* [Exercise aim]: All lines in the records that carry the string "InternalRulePriority" are to be shown.

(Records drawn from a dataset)
◇ ◇ ◇ ◇ ◇

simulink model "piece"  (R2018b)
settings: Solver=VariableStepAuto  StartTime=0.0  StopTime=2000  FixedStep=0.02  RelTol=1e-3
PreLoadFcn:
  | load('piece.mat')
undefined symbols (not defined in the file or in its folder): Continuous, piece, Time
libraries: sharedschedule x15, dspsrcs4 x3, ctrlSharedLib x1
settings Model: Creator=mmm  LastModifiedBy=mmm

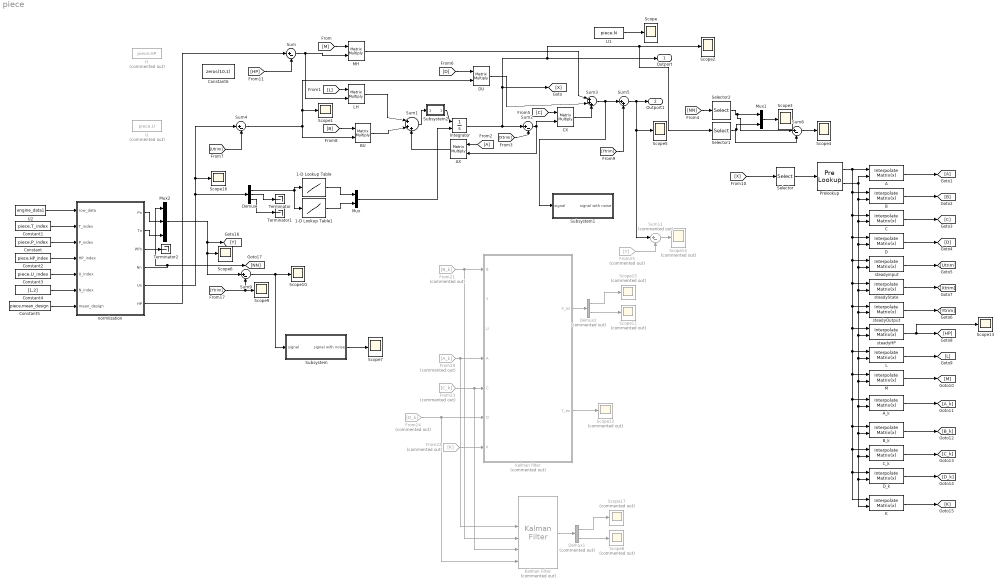
== system piece ==
  1-D Lookup Table : Lookup_n-D  NumberOfTableDimensions=1  BreakpointsForDimension1=piece.Wf_stable_(:,1)  Table=piece.Nl  InterpMethod=Cubic spline  ExtrapMethod=Cubic spline  InternalRulePriority=Speed  RndMeth=Simplest  InputSameDT=on
  1-D Lookup Table1 : Lookup_n-D  NumberOfTableDimensions=1  BreakpointsForDimension1=piece.Wf_stable_(:,1)  Table=piece.N_stable_(:,2)  InterpMethod=Cubic spline  ExtrapMethod=Cubic spline  InternalRulePriority=Speed  RndMeth=Simplest  InputSameDT=on
  A : sharedschedule/Interpolate Matrix(x)   matrix=piece.A  aMode=aMode
      settings: SourceProductName=Aerospace Blockset  SourceProductBaseCode=AE
  AX : Product  Multiplication=Matrix(*)
  A_k : sharedschedule/Interpolate Matrix(x)   matrix=piece.A_k  aMode=aMode
      settings: SourceProductName=Aerospace Blockset  SourceProductBaseCode=AE
  B : sharedschedule/Interpolate Matrix(x)   matrix=piece.B  aMode=aMode
      settings: SourceProductName=Aerospace Blockset  SourceProductBaseCode=AE
  BU : Product  Multiplication=Matrix(*)
  B_k : sharedschedule/Interpolate Matrix(x)   matrix=piece.B_k  aMode=aMode
      settings: SourceProductName=Aerospace Blockset  SourceProductBaseCode=AE
  C : sharedschedule/Interpolate Matrix(x)   matrix=piece.C  aMode=aMode
      settings: SourceProductName=Aerospace Blockset  SourceProductBaseCode=AE
  CX : Product  Multiplication=Matrix(*)
  C_k : sharedschedule/Interpolate Matrix(x)   matrix=piece.C_k  aMode=aMode
      settings: SourceProductName=Aerospace Blockset  SourceProductBaseCode=AE
  Constant : Constant  Value=piece.P_index  VectorParams1D=off
  Constant1 : Constant  Value=piece.T_index  VectorParams1D=off
  Constant2 : Constant  Value=piece.HP_index  VectorParams1D=off
  Constant3 : Constant  Value=piece.U_index  VectorParams1D=off
  Constant4 : Constant  Value=[1,2]  VectorParams1D=off
  Constant5 : Constant  Value=piece.mean_design  VectorParams1D=off
  Constant6 : Constant  Value=zeros(10,1)
  D : sharedschedule/Interpolate Matrix(x)   matrix=piece.D  aMode=aMode
      settings: SourceProductName=Aerospace Blockset  SourceProductBaseCode=AE
  DU : Product  Multiplication=Matrix(*)
  D_k : sharedschedule/Interpolate Matrix(x)   matrix=piece.D_k  aMode=aMode
      settings: SourceProductName=Aerospace Blockset  SourceProductBaseCode=AE
  Demux : Demux  Outputs=3
  Demux1 : Demux  Commented=on  Outputs=[2,10]
  Demux2 : Demux  Commented=on  Outputs=[2,10]
  From20 : From  Commented=on  GotoTag=A_k
  From21 : From  Commented=on  GotoTag=B_k
  From22 : From  Commented=on  GotoTag=K
  From23 : From  Commented=on  GotoTag=C_k
  From24 : From  Commented=on  GotoTag=D_k
  From25 : From  Commented=on  GotoTag=Y
  H : FromWorkspace  Commented=on  VariableName=piece.HP  SampleTime=0.02  Interpolate=off  OutputAfterFinalValue=Holding final value
  Integrator : Integrator  InitialConditionSource=external
  K : sharedschedule/Interpolate Matrix(x)   matrix=piece.K  aMode=aMode
      settings: SourceProductName=Aerospace Blockset  SourceProductBaseCode=AE
  Kalman Filter : ctrlSharedLib/Kalman Filter  Commented=on  TimeDomain=Continuous-Time  UseCurrentEstimator=on  ModelSource=Input port  ModelSourceVariable=ss(0.95,1,1,0,1)  A=0.95  B=1  C=1  D=0  NumberOfStates=12  NumberOfInputs=3  NumberOfOutputs=10  InitialEstimateSource=Dialog  X0=zeros(12,1)  P0=10  UseK=off  UseGH=off  NumberOfProcessNoiseInputs=1  G=1  TimeInvariantG=on  H=0  TimeInvariantH=on  Q=0.04  TimeInvariantQ=on  R=1  TimeInvariantR=on  N=0  TimeInvariantN=on  AddInputPort=on  AddEnablePort=off  OutputEstimatedY=off  OutputP=off  Ts=-1
      settings: SourceProductBaseCode=CT
  L : sharedschedule/Interpolate Matrix(x)   matrix=piece.L  aMode=aMode
      settings: SourceProductName=Aerospace Blockset  SourceProductBaseCode=AE
  LH : Product  Multiplication=Matrix(*)
  M : sharedschedule/Interpolate Matrix(x)   matrix=piece.M  aMode=aMode
      settings: SourceProductName=Aerospace Blockset  SourceProductBaseCode=AE
  MH : Product  Multiplication=Matrix(*)
  Mux : Mux  Inputs=2
  Mux1 : Mux  Inputs=2
  Mux2 : Mux  Inputs=3
  Prelookup : PreLookup  BreakpointsData=piece.Nl  BreakpointObject=Nl  ExtrapMethod=Linear  UseLastBreakpoint=on  DiagnosticForOutOfRangeInput=Warning
  Scope{,1..7,9..10,13,16} (12 alike) : Scope
  Scope{8,11..12,14..15,17} (6 alike) : Scope  Commented=on
  Selector : Selector  InputPortWidth=2  IndexOptions=Index vector (dialog)  Indices=[1]  OutputSizes=1
  Selector1 : Selector  InputPortWidth=2  IndexOptions=Index vector (dialog)  Indices=[1]  OutputSizes=1
  Selector2 : Selector  InputPortWidth=2  IndexOptions=Index vector (dialog)  Indices=[1]  OutputSizes=1
  Subsystem : Subsystem
  Subsystem1 : Subsystem
  Subsystem2 : Subsystem
  Sum{,2,4,6,9} (5 alike) : Sum  Inputs=|+-
  Sum1 : Sum  Inputs=|+++
  Sum11 : Sum  Commented=on  Inputs=|+-
  Sum3 : Sum  Inputs=|+++
  Sum5 : Sum  Inputs=|++
  Terminator : Terminator
  Terminator1 : Terminator
  Terminator2 : Terminator
  U : FromWorkspace  Commented=on  VariableName=piece.U  SampleTime=0.02  Interpolate=off  OutputAfterFinalValue=Holding final value
  U1 : FromWorkspace  VariableName=piece.N  SampleTime=0.02  Interpolate=off  OutputAfterFinalValue=Holding final value
  U2 : FromWorkspace  VariableName=engine_data1  SampleTime=0.02  Interpolate=off  OutputAfterFinalValue=Holding final value
  kalman filter : Subsystem  Commented=on
  normlization : MATLAB Function  TreatAsAtomicUnit=on
  steadyHP : sharedschedule/Interpolate Matrix(x)   matrix=piece.steadyHP  aMode=aMode
      settings: SourceProductName=Aerospace Blockset  SourceProductBaseCode=AE
  steadyOutput : sharedschedule/Interpolate Matrix(x)   matrix=piece.steadyOutput  aMode=aMode
      settings: SourceProductName=Aerospace Blockset  SourceProductBaseCode=AE
  steadyState : sharedschedule/Interpolate Matrix(x)   matrix=piece.steadyState  aMode=aMode
      settings: SourceProductName=Aerospace Blockset  SourceProductBaseCode=AE
  steadyinput : sharedschedule/Interpolate Matrix(x)   matrix=piece.steadyInput  aMode=aMode
      settings: SourceProductName=Aerospace Blockset  SourceProductBaseCode=AE
  Outport : Outport
  Outport1 : Outport  Port=2
  wires:
  [M] -> MH/1
  Sum/1 -> LH/2, MH/2
  [L] -> LH/1
  LH/1 -> Sum1/1
  BU/1 -> Sum1/2
  AX/1 -> Sum1/3
  [A] -> AX/1
  [C] -> CX/1
  CX/1 -> Sum3/3
  MH/1 -> Sum3/1
  DU/1 -> Sum3/2
  [D] -> DU/1
  Sum4/1 -> Scope1/1, DU/2, BU/2
  [B] -> BU/1
  Sum3/1 -> Subsystem1/1(signal), Sum5/1
  [Ytrim] -> Sum5/2
  Selector/1 -> Prelookup/1
  Prelookup/2 -> A/2, steadyState/2, steadyOutput/2, steadyHP/2, L/2, B_k/2, C_k/2, K/2, D_k/2, A_k/2, M/2, steadyinput/2, D/2, C/2, B/2
  Prelookup/1 -> steadyState/1, steadyOutput/1, steadyHP/1, L/1, B_k/1, C_k/1, K/1, D_k/1, A_k/1, M/1, steadyinput/1, D/1, C/1, B/1, A/1
  A/1 -> [A]
  B/1 -> [B]
  C/1 -> [C]
  D/1 -> [D]
  steadyState/1 -> [Xtrim]
  steadyOutput/1 -> [Ytrim]
  L/1 -> [L]
  steadyHP/1 -> Scope13/1, [HP]
  M/1 -> [M]
  [HP] -> Sum/2
  Demux/2 -> Terminator/1
  Demux/3 -> Terminator1/1
  Mux/1 -> Integrator/2
  Demux/1 -> 1-D Lookup Table1/1, 1-D Lookup Table/1
  1-D Lookup Table/1 -> Mux/1
  1-D Lookup Table1/1 -> Mux/2
  Sum5/1 -> Sum11/1, Scope5/1, Outport1/1
  [Utrim] -> Sum4/2
  steadyinput/1 -> [Utrim]
  [X] -> Selector/1
  Integrator/1 -> [X], Selector1/1, Scope2/1, Outport/1, Sum2/1
  Sum2/1 -> CX/2, AX/2
  [Xtrim] -> Sum2/2
  U1/1 -> Scope/1
  Mux1/1 -> Scope3/1
  Selector2/1 -> Sum6/1, Mux1/1
  Selector1/1 -> Sum6/2, Mux1/2
  Sum6/1 -> Scope4/1
  A_k/1 -> [A_k]
  D_k/1 -> [D_k]
  C_k/1 -> [C_k]
  B_k/1 -> [B_k]
  K/1 -> [K]
  Constant/1 -> normlization/3(P_index)
  Constant1/1 -> normlization/2(T_index)
  Constant2/1 -> normlization/4(HP_index)
  Constant3/1 -> normlization/5(U_index)
  Constant4/1 -> normlization/6(N_index)
  Constant5/1 -> normlization/7(mean_design)
  U2/1 -> normlization/1(row_data)
  normlization/5(Un) -> Demux/1, Scope16/1, Sum4/1
  Mux2/1 -> Scope6/1, Sum9/1, [Y]
  normlization/3(Wfn) -> Terminator2/1
  normlization/4(Nn) -> [NN], Mux2/1
  [NN] -> Selector2/1
  [Ytrim] -> Scope9/1, Sum9/2
  Sum9/1 -> Subsystem/1(signal), Scope10/1
  From22/1 -> kalman filter/7(K)
  From23/1 -> Kalman Filter/5, kalman filter/5(C)
  From21/1 -> Kalman Filter/4, kalman filter/1(B)
  From20/1 -> Kalman Filter/3, kalman filter/4(A)
  From24/1 -> Kalman Filter/6, kalman filter/6(D)
  kalman filter/1(X_es) -> Demux2/1
  Demux2/2 -> Scope11/1
  kalman filter/2(Y_es) -> Scope12/1
  From25/1 -> Sum11/2
  Sum11/1 -> Scope14/1
  Demux2/1 -> Scope15/1
  Sum1/1 -> Subsystem2/1(signal)
  Subsystem2/1(signal with noise) -> Integrator/1
  normlization/1(Pn) -> Mux2/2
  normlization/2(Tn) -> Mux2/3
  Subsystem/1(signal with noise) -> Scope7/1
  normlization/6(HP) -> Sum/1
  Demux1/1 -> Scope17/1
  Demux1/2 -> Scope8/1
  Kalman Filter/1 -> Demux1/1

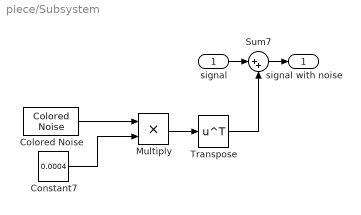
== system piece/Subsystem ==
  signal : Inport
  Colored Noise : dspsrcs4/Colored Noise  Color=white  InverseFrequencyPower=1  NumChannels=10  OutputDataType=double  SamplesPerFrame=1  SampleTime=0.02  RandomStream=mt19937ar with seed  Seed=100  SimulateUsing=Code generation
      settings: SourceProductName=DSP System Toolbox  SourceProductBaseCode=DS
  Constant7 : Constant  Value=0.0004
  Multiply : Product
  Sum7 : Sum  Inputs=|++
  Transpose : Math  Operator=transpose  SaturateOnIntegerOverflow=on
  signal with noise : Outport
  wires:
  Constant7/1 -> Multiply/2
  Colored Noise/1 -> Multiply/1
  Transpose/1 -> Sum7/2
  Multiply/1 -> Transpose/1
  signal/1 -> Sum7/1
  Sum7/1 -> signal with noise/1

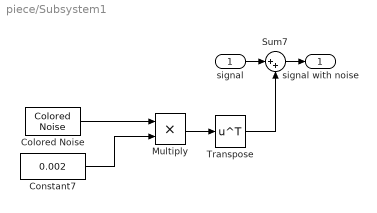
== system piece/Subsystem1 ==
  signal : Inport
  Colored Noise : dspsrcs4/Colored Noise  Color=white  InverseFrequencyPower=1  NumChannels=10  OutputDataType=double  SamplesPerFrame=1  SampleTime=0.02  RandomStream=mt19937ar with seed  Seed=100  SimulateUsing=Code generation
      settings: SourceProductName=DSP System Toolbox  SourceProductBaseCode=DS
  Constant7 : Constant  Value=0.002
  Multiply : Product
  Sum7 : Sum  Inputs=|++
  Transpose : Math  Operator=transpose  SaturateOnIntegerOverflow=on
  signal with noise : Outport
  wires:
  Sum7/1 -> signal with noise/1
  signal/1 -> Sum7/1
  Multiply/1 -> Transpose/1
  Transpose/1 -> Sum7/2
  Colored Noise/1 -> Multiply/1
  Constant7/1 -> Multiply/2

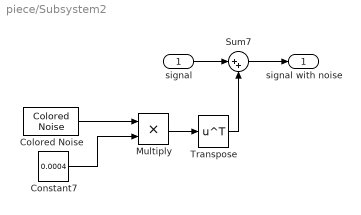
== system piece/Subsystem2 ==
  signal : Inport
  Colored Noise : dspsrcs4/Colored Noise  Color=white  InverseFrequencyPower=1  NumChannels=2  OutputDataType=double  SamplesPerFrame=1  SampleTime=0.02  RandomStream=mt19937ar with seed  Seed=222  SimulateUsing=Code generation
      settings: SourceProductName=DSP System Toolbox  SourceProductBaseCode=DS
  Constant7 : Constant  Value=0.0004
  Multiply : Product
  Sum7 : Sum  Inputs=|++
  Transpose : Math  Operator=transpose  SaturateOnIntegerOverflow=on
  signal with noise : Outport
  wires:
  Constant7/1 -> Multiply/2
  Colored Noise/1 -> Multiply/1
  Transpose/1 -> Sum7/2
  Multiply/1 -> Transpose/1
  signal/1 -> Sum7/1
  Sum7/1 -> signal with noise/1

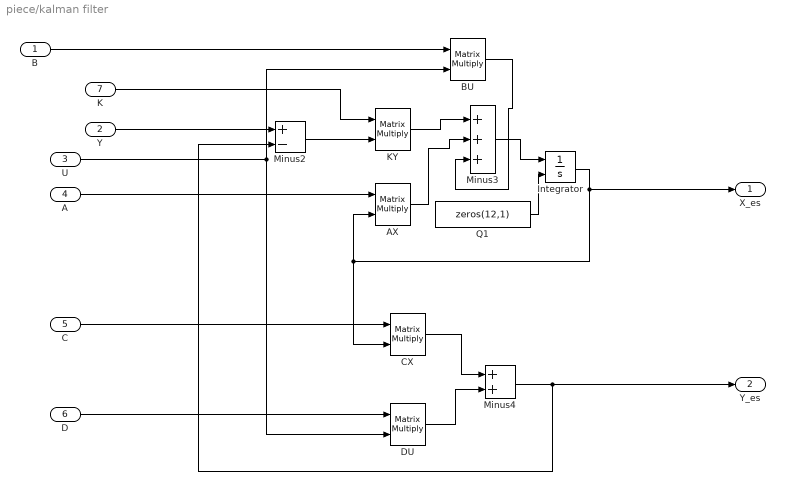
== system piece/kalman filter ==
  B : Inport
  Y : Inport  Port=2
  U : Inport  Port=3
  A : Inport  Port=4
  C : Inport  Port=5
  D : Inport  Port=6
  K : Inport  Port=7
  "\tCX" : Product  Multiplication=Matrix(*)
  AX : Product  Multiplication=Matrix(*)
  BU : Product  Multiplication=Matrix(*)
  DU : Product  Multiplication=Matrix(*)
  Integrator : Integrator  InitialConditionSource=external
  KY : Product  Multiplication=Matrix(*)
  Minus2 : Sum  Inputs=+-
  Minus3 : Sum  Inputs=+++
  Minus4 : Sum
  Q1 : Constant  Value=zeros(12,1)  VectorParams1D=off
  X_es : Outport
  Y_es : Outport  Port=2
  wires:
  Integrator/1 -> X_es/1, "\tCX"/2, AX/2
  Minus4/1 -> Minus2/2, Y_es/1
  KY/1 -> Minus3/1
  U/1 -> BU/2, DU/2
  Y/1 -> Minus2/1
  DU/1 -> Minus4/2
  AX/1 -> Minus3/2
  "\tCX"/1 -> Minus4/1
  Q1/1 -> Integrator/2
  Minus2/1 -> KY/2
  BU/1 -> Minus3/3
  Minus3/1 -> Integrator/1
  A/1 -> AX/1
  B/1 -> BU/1
  C/1 -> "\tCX"/1
  D/1 -> DU/1
  K/1 -> KY/1

== matlab function piece/normlization ==
  data: Pn output; row_data input; Tn output; T_index input; P_index input; HP_index input; U_index input; N_index input; mean_design input; Wfn output; Nn output; Un output; HP output
function [Pn,Tn,Wfn,Nn,Un,HP] = fcn(row_data,T_index,P_index,HP_index,U_index,N_index,mean_design)
%%% 数据相似归一化
if size(mean_design,1) > size(mean_design,2)
    mean_ = mean_design';
else
    mean_ = mean_design;
end
if size(T_index,1) > size(T_index,2)
    T_index_ = T_index';
else
    T_index_ = T_index;
end
if size(P_index,1) > size(P_index,2)
    P_index_ = P_index';
else
    P_index_ = P_index;
end
if size(HP_index,1) > size(HP_index,2)
    HP_index_ = HP_index';
else
    HP_index_ = HP_index;
end
if size(U_index,1) > size(U_index,2)
    U_index_ = U_index';
else
    U_index_ = U_index;
end
if size(N_index,1) > size(N_index,2)
    N_index_ = N_index';
else
    N_index_ = N_index;
end
if size(row_data,1)>size(row_data,2)
    row = row_data';
else
    row = row_data;
end
T2_index = 12;
P2_index = 13;
T = row(:,T_index_);
P = row(:,P_index_);
HP = row(:,HP_index_)'-1;
U = row(:,U_index_);
N = row(:,N_index_);
sigma_P = mean_(P_index_)./mean_(P2_index);
sigma_T = mean_(T_index_)./mean_(T2_index);
sigma_Wf = mean_(U_index_(:,1)).*sqrt(mean_(T2_index))./mean_(P2_index);
sigma_N = mean_(N_index_)./mean_(T2_index);
Tn = [(T./row(:,T2_index))./sigma_T]';
Pn = [(P./row(:,P2_index))./sigma_P]';
Wfn = (U(:,1).*sqrt(row(:,T2_index))./row(:,P2_index))./sigma_Wf;
Nn = [N./row(:,T2_index)./sigma_N]';
Un = [Wfn,U(:,2:end)]';

◇ ◇ ◇ ◇ ◇

* [Result of this exercise]:
  1-D Lookup Table : Lookup_n-D  NumberOfTableDimensions=1  BreakpointsForDimension1=piece.Wf_stable_(:,1)  Table=piece.Nl  InterpMethod=Cubic spline  ExtrapMethod=Cubic spline  InternalRulePriority=Speed  RndMeth=Simplest  InputSameDT=on
  1-D Lookup Table1 : Lookup_n-D  NumberOfTableDimensions=1  BreakpointsForDimension1=piece.Wf_stable_(:,1)  Table=piece.N_stable_(:,2)  InterpMethod=Cubic spline  ExtrapMethod=Cubic spline  InternalRulePriority=Speed  RndMeth=Simplest  InputSameDT=on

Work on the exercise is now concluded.